> _Task inputs_

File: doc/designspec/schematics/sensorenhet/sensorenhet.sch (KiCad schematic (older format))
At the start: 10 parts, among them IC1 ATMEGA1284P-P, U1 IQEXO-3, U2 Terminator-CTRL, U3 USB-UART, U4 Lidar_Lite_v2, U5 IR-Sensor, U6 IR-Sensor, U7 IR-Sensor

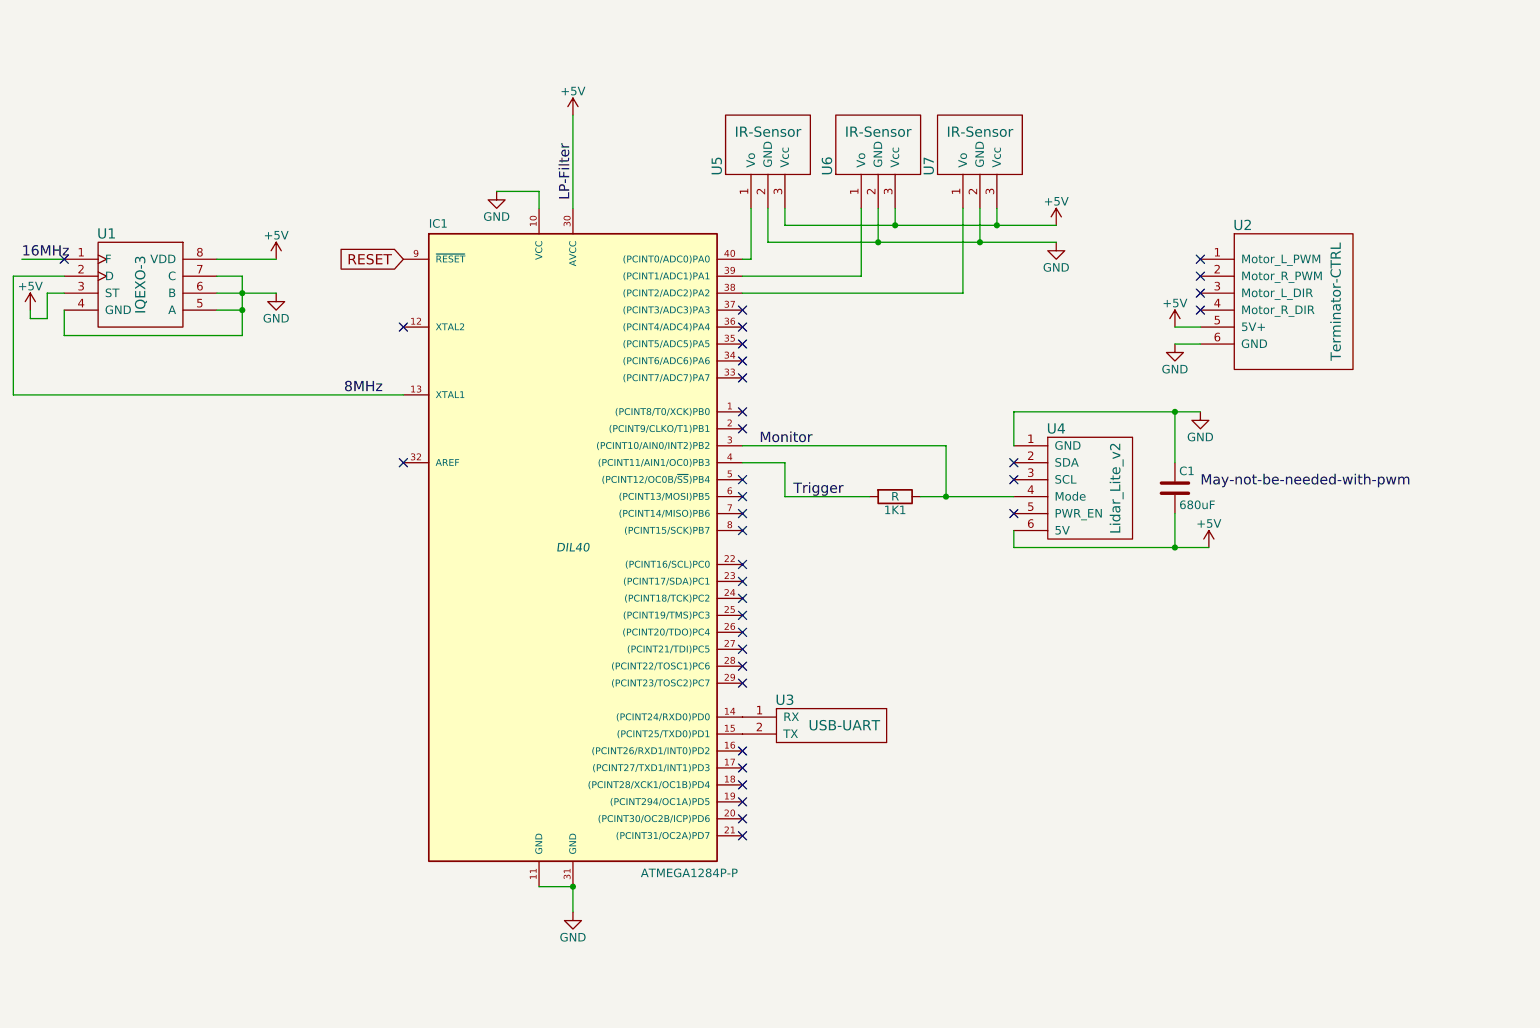
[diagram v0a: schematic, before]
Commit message: Add two more IR sensors
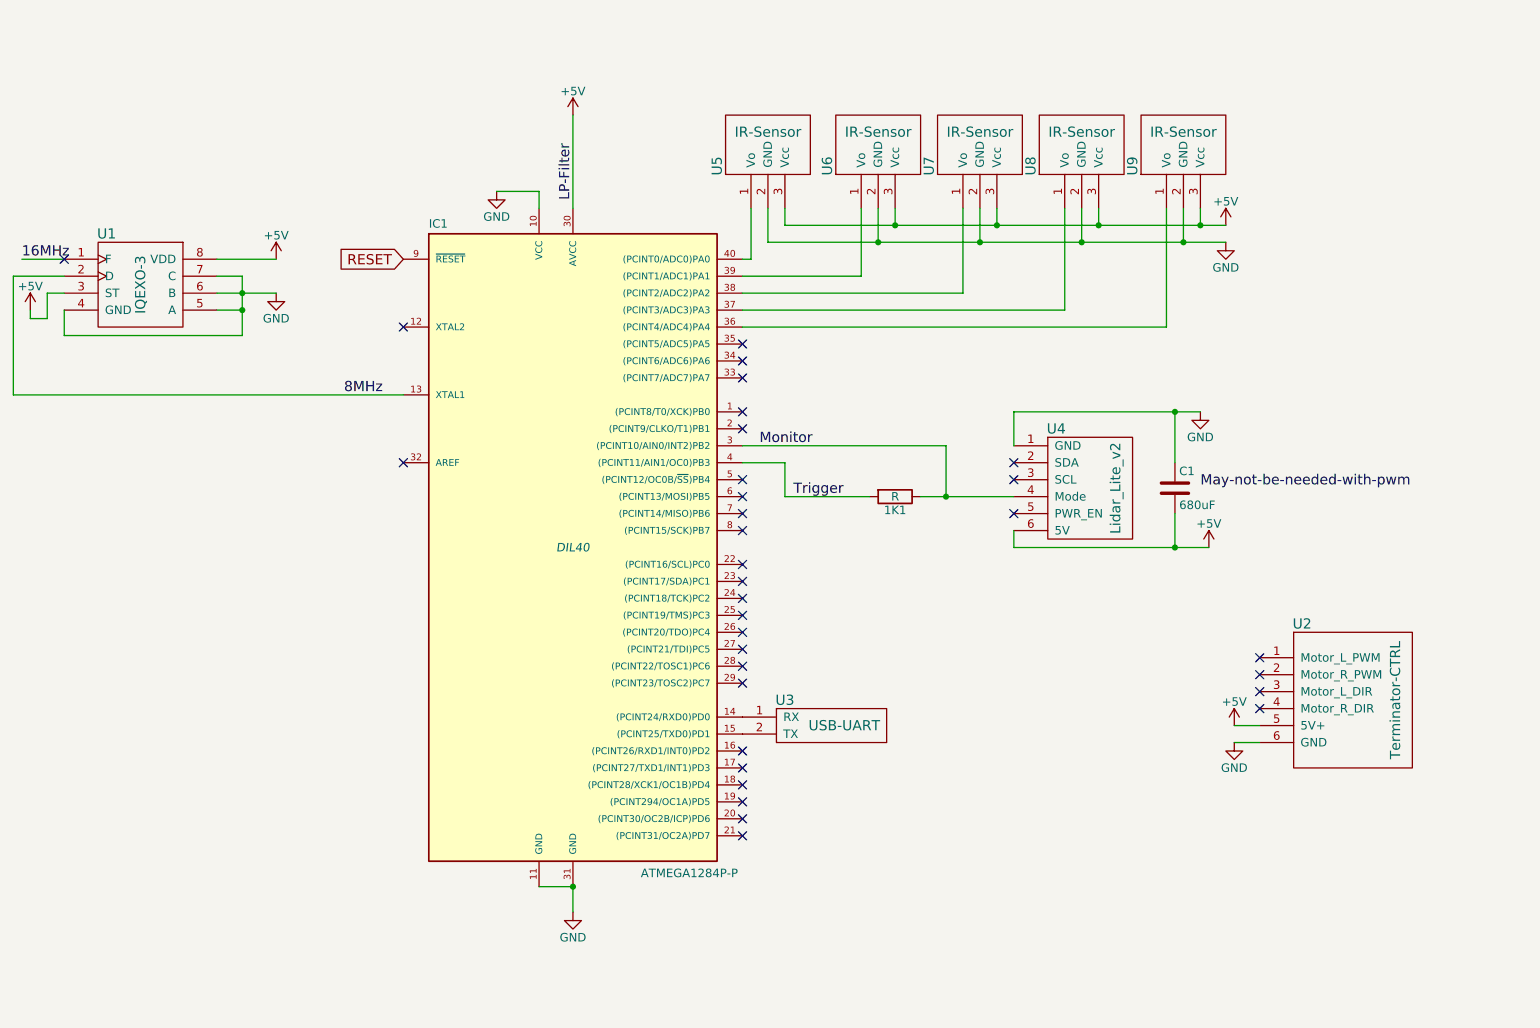
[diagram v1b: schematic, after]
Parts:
- added U8, U9: IR-Sensor, symbol IR-Sensor
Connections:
- net +5V: now also U8.3 (Vcc), U9.3 (Vcc)
- net GND: now also U8.2 (GND), U9.2 (GND)
- net at IC1.36 ((PCINT4/ADC4)PA4): now also U9.1 (Vo)
- net at IC1.37 ((PCINT3/ADC3)PA3): now also U8.1 (Vo)
- no-connect marks 35 -> 33
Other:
- moved on the sheet: U2
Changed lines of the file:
@@
 LIBS:valves
 LIBS:tsea29
+LIBS:sensorenhet-cache
 EELAYER 25 0
 EELAYER END
@@
 RESET
 NoConn ~ 1750 2000
-NoConn ~ 5750 2400
 NoConn ~ 5750 2500
 NoConn ~ 5750 2600
@@
 L Terminator-CTRL U2
 U 1 1 57FA7BA2
-P 9250 2200
-F 0 "U2" H 8700 2600 60  0000 C CNN
-F 1 "Terminator-CTRL" V 9250 2150 60  0000 C CNN
-F 2 "" H 9250 2200 60  0001 C CNN
-F 3 "" H 9250 2200 60  0001 C CNN
-	1    9250 2200
-	1    0    0    -1
-$EndComp
-NoConn ~ 8450 2000
-NoConn ~ 8450 2100
-NoConn ~ 8450 2200
-NoConn ~ 8450 2300
+P 9600 4550
+F 0 "U2" H 9050 4950 60  0000 C CNN
+F 1 "Terminator-CTRL" V 9600 4500 60  0000 C CNN
+F 2 "" H 9600 4550 60  0001 C CNN
+F 3 "" H 9600 4550 60  0001 C CNN
+	1    9600 4550
+	1    0    0    -1
+$EndComp
+NoConn ~ 8800 4350
+NoConn ~ 8800 4450
+NoConn ~ 8800 4550
+NoConn ~ 8800 4650
 $Comp
 L +5V #PWR07
 U 1 1 57FA7CB1
-P 8300 2400
-F 0 "#PWR07" H 8300 2250 50  0001 C CNN
-F 1 "+5V" H 8300 2540 50  0000 C CNN
-F 2 "" H 8300 2400 50  0000 C CNN
-F 3 "" H 8300 2400 50  0000 C CNN
-	1    8300 2400
+P 8650 4750
+F 0 "#PWR07" H 8650 4600 50  0001 C CNN
+F 1 "+5V" H 8650 4890 50  0000 C CNN
+F 2 "" H 8650 4750 50  0000 C CNN
+F 3 "" H 8650 4750 50  0000 C CNN
+	1    8650 4750
 	1    0    0    -1
 $EndComp
@@
 L GND #PWR08
 U 1 1 57FA7CCD
-P 8300 2500
-F 0 "#PWR08" H 8300 2250 50  0001 C CNN
-F 1 "GND" H 8300 2350 50  0000 C CNN
-F 2 "" H 8300 2500 50  0000 C CNN
-F 3 "" H 8300 2500 50  0000 C CNN
-	1    8300 2500
+P 8650 4850
+F 0 "#PWR08" H 8650 4600 50  0001 C CNN
+F 1 "GND" H 8650 4700 50  0000 C CNN
+F 2 "" H 8650 4850 50  0000 C CNN
+F 3 "" H 8650 4850 50  0000 C CNN
+	1    8650 4850
 	1    0    0    -1
 $EndComp
@@
 	0    -1   -1   0
 $EndComp
+$Comp
+L +5V #PWR011
+U 1 1 57FA9432
+P 8600 1800
+F 0 "#PWR011" H 8600 1650 50  0001 C CNN
+F 1 "+5V" H 8600 1940 50  0000 C CNN
+F 2 "" H 8600 1800 50  0000 C CNN
+F 3 "" H 8600 1800 50  0000 C CNN
+	1    8600 1800
+	1    0    0    -1
+$EndComp
+$Comp
+L GND #PWR012
+U 1 1 57FA945C
+P 8600 1900
+F 0 "#PWR012" H 8600 1650 50  0001 C CNN
+F 1 "GND" H 8600 1750 50  0000 C CNN
+F 2 "" H 8600 1900 50  0000 C CNN
+F 3 "" H 8600 1900 50  0000 C CNN
+	1    8600 1900
+	1    0    0    -1
+$EndComp
+$Comp
+L IR-Sensor U8
+U 1 1 57FD3F03
+P 7750 1250
+F 0 "U8" H 7550 1550 60  0000 C CNN
+F 1 "IR-Sensor" V 7750 1250 60  0000 C CNN
+F 2 "" H 7750 1250 60  0001 C CNN
+F 3 "" H 7750 1250 60  0001 C CNN
+	1    7750 1250
+	0    -1   -1   0
+$EndComp
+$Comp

> _Assignment_
Look through the data and gather every line with the string "sensorenhet" in it.

> _Solution below_
File: doc/designspec/schematics/sensorenhet/sensorenhet.sch (KiCad schematic (older format))
+LIBS:sensorenhet-cache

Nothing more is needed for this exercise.